··· Data for processing ···

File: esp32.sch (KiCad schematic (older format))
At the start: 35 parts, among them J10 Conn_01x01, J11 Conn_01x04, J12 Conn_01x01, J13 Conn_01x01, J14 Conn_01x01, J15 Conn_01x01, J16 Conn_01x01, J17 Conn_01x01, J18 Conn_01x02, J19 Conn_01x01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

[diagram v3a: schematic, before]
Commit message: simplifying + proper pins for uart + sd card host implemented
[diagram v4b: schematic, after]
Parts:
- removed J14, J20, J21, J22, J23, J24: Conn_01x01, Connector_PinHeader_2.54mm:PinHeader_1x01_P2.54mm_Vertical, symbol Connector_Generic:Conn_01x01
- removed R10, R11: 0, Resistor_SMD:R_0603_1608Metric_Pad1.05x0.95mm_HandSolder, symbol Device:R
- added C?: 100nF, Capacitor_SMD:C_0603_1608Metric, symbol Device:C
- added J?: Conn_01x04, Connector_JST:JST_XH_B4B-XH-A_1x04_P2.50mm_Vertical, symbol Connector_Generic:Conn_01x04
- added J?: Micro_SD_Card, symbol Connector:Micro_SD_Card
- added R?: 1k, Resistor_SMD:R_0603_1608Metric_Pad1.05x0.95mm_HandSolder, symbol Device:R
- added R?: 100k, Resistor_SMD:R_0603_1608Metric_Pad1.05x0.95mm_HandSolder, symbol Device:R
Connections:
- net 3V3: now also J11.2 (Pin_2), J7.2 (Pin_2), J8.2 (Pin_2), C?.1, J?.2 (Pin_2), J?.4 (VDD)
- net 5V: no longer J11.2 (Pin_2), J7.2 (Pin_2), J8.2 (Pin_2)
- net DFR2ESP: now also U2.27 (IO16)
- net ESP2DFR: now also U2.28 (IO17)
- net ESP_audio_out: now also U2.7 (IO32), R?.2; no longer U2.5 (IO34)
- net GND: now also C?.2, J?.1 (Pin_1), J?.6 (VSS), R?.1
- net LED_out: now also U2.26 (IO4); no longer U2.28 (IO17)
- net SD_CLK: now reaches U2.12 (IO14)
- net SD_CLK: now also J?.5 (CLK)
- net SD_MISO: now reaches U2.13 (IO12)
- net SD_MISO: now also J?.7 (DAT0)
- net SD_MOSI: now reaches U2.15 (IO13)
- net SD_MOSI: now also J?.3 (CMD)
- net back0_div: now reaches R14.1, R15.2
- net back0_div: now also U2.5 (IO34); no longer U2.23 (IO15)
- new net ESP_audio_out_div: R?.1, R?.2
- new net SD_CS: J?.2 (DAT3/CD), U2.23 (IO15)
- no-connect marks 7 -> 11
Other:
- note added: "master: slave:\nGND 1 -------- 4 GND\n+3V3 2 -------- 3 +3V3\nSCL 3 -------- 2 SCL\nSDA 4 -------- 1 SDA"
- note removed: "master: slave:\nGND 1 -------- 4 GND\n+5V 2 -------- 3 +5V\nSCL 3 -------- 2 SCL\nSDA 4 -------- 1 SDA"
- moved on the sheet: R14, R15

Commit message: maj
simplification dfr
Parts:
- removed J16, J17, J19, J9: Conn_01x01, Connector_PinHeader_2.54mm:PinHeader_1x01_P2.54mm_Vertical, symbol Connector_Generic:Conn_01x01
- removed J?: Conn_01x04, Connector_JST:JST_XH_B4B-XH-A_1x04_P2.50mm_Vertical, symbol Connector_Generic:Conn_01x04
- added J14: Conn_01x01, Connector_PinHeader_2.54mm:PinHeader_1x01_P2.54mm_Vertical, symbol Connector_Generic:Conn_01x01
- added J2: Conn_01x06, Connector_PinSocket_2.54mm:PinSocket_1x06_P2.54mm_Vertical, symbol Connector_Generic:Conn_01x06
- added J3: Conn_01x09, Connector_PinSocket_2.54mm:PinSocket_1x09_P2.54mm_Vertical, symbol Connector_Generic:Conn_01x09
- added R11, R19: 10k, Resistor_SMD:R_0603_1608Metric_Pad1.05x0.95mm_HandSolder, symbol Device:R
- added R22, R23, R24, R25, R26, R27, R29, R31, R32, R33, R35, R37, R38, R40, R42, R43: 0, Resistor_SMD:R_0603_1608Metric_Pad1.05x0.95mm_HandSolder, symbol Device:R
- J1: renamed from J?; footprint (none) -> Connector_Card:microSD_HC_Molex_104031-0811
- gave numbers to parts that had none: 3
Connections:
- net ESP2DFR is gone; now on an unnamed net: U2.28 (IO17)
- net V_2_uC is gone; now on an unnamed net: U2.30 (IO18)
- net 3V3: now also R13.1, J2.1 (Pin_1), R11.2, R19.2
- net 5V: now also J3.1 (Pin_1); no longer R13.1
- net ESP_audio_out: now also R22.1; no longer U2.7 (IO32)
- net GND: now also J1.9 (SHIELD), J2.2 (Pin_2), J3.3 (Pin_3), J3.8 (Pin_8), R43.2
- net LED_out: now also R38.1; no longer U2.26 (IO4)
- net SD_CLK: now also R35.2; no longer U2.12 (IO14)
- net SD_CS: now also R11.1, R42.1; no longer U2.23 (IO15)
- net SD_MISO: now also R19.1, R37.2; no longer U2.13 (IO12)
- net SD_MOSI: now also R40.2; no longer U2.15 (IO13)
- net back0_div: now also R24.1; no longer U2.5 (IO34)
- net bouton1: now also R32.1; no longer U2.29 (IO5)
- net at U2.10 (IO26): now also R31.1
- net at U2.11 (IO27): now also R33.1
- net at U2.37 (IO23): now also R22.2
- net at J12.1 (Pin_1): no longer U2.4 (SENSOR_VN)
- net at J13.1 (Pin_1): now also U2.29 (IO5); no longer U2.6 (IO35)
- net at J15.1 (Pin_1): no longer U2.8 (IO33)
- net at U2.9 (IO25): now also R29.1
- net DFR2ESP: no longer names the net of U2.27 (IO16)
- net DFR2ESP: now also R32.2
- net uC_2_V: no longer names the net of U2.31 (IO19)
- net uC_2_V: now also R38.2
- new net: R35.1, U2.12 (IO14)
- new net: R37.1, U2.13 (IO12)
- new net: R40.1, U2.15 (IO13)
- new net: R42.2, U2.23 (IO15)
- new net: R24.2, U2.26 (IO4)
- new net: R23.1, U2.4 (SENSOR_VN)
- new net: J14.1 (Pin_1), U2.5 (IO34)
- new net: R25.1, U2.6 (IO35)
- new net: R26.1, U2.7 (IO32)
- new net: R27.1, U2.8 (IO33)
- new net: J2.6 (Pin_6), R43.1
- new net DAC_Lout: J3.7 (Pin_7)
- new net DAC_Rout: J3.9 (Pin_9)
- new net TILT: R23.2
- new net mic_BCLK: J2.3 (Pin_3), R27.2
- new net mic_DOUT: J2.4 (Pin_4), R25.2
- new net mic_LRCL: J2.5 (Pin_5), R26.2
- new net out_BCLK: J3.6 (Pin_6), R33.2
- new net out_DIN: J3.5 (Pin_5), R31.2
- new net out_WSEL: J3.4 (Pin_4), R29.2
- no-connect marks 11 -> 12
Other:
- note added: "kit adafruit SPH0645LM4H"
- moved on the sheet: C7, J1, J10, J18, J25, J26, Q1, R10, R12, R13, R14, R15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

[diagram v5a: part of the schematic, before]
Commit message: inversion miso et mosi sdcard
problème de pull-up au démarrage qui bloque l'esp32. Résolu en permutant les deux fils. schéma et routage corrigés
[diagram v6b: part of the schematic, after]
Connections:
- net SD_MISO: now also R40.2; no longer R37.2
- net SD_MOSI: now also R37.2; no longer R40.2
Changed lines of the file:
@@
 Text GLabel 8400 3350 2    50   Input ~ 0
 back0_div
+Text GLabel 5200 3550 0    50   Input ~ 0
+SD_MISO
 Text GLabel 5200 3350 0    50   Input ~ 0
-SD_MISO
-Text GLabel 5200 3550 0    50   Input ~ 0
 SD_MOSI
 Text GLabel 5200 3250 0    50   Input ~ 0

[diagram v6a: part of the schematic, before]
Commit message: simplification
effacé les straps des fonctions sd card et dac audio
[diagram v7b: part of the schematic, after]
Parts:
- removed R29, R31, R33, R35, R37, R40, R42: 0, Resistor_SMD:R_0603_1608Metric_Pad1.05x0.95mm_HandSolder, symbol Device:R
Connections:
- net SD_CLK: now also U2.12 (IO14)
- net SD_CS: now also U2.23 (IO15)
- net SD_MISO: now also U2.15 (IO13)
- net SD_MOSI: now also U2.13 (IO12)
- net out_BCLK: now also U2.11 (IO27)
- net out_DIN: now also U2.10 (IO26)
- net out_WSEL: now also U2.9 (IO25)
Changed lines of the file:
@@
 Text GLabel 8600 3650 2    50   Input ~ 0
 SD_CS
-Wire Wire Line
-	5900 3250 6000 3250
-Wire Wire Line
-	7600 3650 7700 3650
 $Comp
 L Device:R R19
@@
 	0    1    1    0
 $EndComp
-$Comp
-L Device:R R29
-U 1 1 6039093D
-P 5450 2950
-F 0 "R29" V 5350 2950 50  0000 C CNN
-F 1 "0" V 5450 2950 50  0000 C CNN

···

**Assignment**: Lines in the data that hold "diagram" must be located and copied.

**Solution to the exercise**:
[diagram v3a: schematic, before]
[diagram v4b: schematic, after]
[diagram v5a: part of the schematic, before]
[diagram v6b: part of the schematic, after]
[diagram v6a: part of the schematic, before]
[diagram v7b: part of the schematic, after]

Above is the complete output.